Exercise description
Exactly those lines that run from the one containing "#38576 = DIRECTION" through the last line of the entries below should be printed, and no others.

(Collection entries)
+---+

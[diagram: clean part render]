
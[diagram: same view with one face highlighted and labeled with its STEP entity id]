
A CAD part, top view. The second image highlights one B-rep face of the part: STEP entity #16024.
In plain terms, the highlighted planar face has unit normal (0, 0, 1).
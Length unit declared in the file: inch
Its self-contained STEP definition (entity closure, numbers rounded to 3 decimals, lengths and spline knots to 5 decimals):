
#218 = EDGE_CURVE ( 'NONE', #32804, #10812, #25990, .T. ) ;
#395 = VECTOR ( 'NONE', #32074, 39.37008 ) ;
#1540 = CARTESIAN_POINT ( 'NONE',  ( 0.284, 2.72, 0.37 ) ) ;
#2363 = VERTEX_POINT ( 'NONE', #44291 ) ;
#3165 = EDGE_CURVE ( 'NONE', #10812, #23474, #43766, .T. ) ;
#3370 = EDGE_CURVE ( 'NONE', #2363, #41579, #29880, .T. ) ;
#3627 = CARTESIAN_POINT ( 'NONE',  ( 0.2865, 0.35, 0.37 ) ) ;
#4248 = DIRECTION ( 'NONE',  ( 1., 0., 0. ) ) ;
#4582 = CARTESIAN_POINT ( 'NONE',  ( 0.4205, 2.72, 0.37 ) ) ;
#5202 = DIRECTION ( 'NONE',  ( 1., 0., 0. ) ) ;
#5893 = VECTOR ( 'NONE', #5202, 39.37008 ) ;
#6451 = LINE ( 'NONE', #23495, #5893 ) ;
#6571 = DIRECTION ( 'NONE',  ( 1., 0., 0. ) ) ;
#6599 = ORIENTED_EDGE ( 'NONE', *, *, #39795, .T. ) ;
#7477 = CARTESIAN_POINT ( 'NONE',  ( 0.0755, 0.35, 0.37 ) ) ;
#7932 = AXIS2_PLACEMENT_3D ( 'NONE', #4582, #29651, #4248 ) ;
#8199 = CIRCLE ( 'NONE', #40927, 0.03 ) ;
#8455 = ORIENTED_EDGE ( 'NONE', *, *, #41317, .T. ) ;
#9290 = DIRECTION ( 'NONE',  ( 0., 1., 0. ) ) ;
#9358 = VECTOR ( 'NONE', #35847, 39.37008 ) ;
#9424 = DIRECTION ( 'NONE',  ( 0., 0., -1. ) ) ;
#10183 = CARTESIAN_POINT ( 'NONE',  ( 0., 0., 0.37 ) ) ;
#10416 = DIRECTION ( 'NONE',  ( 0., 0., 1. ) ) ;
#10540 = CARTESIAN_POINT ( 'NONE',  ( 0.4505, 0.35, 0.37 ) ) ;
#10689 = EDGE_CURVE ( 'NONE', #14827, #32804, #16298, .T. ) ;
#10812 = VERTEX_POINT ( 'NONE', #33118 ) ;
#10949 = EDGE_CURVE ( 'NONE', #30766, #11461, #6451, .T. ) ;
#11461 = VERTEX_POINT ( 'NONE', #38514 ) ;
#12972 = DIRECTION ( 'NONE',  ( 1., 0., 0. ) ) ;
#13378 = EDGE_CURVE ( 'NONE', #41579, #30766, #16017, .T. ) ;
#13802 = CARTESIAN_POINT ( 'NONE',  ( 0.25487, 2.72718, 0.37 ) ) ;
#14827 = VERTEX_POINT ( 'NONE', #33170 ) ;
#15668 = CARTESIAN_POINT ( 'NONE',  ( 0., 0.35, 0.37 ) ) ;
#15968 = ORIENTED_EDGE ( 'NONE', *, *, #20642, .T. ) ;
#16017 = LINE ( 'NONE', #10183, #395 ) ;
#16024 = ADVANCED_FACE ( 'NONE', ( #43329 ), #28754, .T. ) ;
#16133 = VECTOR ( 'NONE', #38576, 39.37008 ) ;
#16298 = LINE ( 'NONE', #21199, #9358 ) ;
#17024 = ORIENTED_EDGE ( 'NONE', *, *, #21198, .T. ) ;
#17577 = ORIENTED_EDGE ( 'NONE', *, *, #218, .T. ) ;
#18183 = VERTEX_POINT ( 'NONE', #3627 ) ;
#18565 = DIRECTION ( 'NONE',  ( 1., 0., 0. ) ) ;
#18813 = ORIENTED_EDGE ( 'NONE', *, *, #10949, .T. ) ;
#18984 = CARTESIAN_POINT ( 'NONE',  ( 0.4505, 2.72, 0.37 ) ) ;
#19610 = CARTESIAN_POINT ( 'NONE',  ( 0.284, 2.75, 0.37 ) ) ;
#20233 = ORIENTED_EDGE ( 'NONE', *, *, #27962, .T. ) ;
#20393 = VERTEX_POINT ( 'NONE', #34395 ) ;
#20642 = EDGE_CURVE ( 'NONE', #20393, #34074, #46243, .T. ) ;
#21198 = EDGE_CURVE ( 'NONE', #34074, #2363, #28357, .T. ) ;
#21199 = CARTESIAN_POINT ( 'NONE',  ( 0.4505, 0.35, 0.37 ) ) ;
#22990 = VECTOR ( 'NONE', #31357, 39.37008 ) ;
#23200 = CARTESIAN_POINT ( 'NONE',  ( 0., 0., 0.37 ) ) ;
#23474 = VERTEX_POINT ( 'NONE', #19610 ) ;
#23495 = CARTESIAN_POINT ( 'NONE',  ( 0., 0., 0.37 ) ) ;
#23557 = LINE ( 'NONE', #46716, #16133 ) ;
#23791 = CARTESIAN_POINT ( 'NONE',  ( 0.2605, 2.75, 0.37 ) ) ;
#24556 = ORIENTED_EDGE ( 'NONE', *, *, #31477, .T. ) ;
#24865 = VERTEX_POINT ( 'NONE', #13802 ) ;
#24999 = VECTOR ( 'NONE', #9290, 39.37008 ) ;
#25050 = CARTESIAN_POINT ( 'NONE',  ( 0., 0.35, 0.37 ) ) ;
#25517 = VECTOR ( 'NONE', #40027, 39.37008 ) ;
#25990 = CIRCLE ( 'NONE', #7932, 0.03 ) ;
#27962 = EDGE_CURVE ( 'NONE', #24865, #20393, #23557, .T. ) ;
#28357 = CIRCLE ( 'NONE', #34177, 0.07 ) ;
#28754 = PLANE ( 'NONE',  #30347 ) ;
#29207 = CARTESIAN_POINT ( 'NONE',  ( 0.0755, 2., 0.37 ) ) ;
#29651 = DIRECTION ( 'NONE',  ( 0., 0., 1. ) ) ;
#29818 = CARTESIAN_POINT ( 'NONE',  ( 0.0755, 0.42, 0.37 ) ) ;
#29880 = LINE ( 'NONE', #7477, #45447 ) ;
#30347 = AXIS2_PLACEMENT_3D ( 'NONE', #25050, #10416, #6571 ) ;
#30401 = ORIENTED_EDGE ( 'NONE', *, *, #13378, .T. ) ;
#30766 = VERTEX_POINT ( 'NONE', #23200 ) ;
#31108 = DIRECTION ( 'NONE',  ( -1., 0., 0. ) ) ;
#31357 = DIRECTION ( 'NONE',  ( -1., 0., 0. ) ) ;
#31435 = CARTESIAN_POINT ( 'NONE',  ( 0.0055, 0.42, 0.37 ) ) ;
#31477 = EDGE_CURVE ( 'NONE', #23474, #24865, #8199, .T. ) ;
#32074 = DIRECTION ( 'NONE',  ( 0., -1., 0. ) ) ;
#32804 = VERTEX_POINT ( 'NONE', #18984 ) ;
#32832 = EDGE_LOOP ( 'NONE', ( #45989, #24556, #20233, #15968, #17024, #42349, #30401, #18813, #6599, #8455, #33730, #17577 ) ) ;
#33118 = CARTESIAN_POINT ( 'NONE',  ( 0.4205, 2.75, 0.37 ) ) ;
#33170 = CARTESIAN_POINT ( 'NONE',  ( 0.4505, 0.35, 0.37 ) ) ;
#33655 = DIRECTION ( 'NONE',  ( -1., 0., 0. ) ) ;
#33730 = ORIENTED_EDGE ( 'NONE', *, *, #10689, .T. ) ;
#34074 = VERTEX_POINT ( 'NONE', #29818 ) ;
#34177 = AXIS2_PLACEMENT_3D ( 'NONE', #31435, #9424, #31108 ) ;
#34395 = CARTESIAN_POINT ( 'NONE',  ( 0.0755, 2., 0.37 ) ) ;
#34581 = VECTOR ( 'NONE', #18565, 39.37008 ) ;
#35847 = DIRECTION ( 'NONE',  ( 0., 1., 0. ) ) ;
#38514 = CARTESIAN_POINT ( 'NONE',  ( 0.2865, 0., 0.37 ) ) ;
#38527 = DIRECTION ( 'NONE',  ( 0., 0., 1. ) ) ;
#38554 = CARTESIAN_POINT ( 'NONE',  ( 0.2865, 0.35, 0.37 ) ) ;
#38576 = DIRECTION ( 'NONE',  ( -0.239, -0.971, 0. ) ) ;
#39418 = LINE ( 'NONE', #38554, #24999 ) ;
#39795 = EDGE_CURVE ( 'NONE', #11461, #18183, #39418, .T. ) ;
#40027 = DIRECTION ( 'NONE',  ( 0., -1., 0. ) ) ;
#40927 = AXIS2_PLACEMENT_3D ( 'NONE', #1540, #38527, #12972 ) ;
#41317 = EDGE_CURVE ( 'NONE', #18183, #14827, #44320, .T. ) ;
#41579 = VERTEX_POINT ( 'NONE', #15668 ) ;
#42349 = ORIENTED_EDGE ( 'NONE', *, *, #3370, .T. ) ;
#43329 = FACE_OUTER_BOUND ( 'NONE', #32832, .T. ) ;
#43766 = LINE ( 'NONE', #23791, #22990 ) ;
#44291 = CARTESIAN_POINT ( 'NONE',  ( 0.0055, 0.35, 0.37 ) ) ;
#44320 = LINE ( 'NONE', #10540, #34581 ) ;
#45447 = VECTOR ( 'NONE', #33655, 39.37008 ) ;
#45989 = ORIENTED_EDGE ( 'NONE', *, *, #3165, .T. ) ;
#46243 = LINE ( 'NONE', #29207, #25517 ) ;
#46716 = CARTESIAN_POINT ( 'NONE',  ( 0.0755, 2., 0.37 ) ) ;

+---+

Answer space
#38576 = DIRECTION ( 'NONE',  ( -0.239, -0.971, 0. ) ) ;
#39418 = LINE ( 'NONE', #38554, #24999 ) ;
#39795 = EDGE_CURVE ( 'NONE', #11461, #18183, #39418, .T. ) ;
#40027 = DIRECTION ( 'NONE',  ( 0., -1., 0. ) ) ;
#40927 = AXIS2_PLACEMENT_3D ( 'NONE', #1540, #38527, #12972 ) ;
#41317 = EDGE_CURVE ( 'NONE', #18183, #14827, #44320, .T. ) ;
#41579 = VERTEX_POINT ( 'NONE', #15668 ) ;
#42349 = ORIENTED_EDGE ( 'NONE', *, *, #3370, .T. ) ;
#43329 = FACE_OUTER_BOUND ( 'NONE', #32832, .T. ) ;
#43766 = LINE ( 'NONE', #23791, #22990 ) ;
#44291 = CARTESIAN_POINT ( 'NONE',  ( 0.0055, 0.35, 0.37 ) ) ;
#44320 = LINE ( 'NONE', #10540, #34581 ) ;
#45447 = VECTOR ( 'NONE', #33655, 39.37008 ) ;
#45989 = ORIENTED_EDGE ( 'NONE', *, *, #3165, .T. ) ;
#46243 = LINE ( 'NONE', #29207, #25517 ) ;
#46716 = CARTESIAN_POINT ( 'NONE',  ( 0.0755, 2., 0.37 ) ) ;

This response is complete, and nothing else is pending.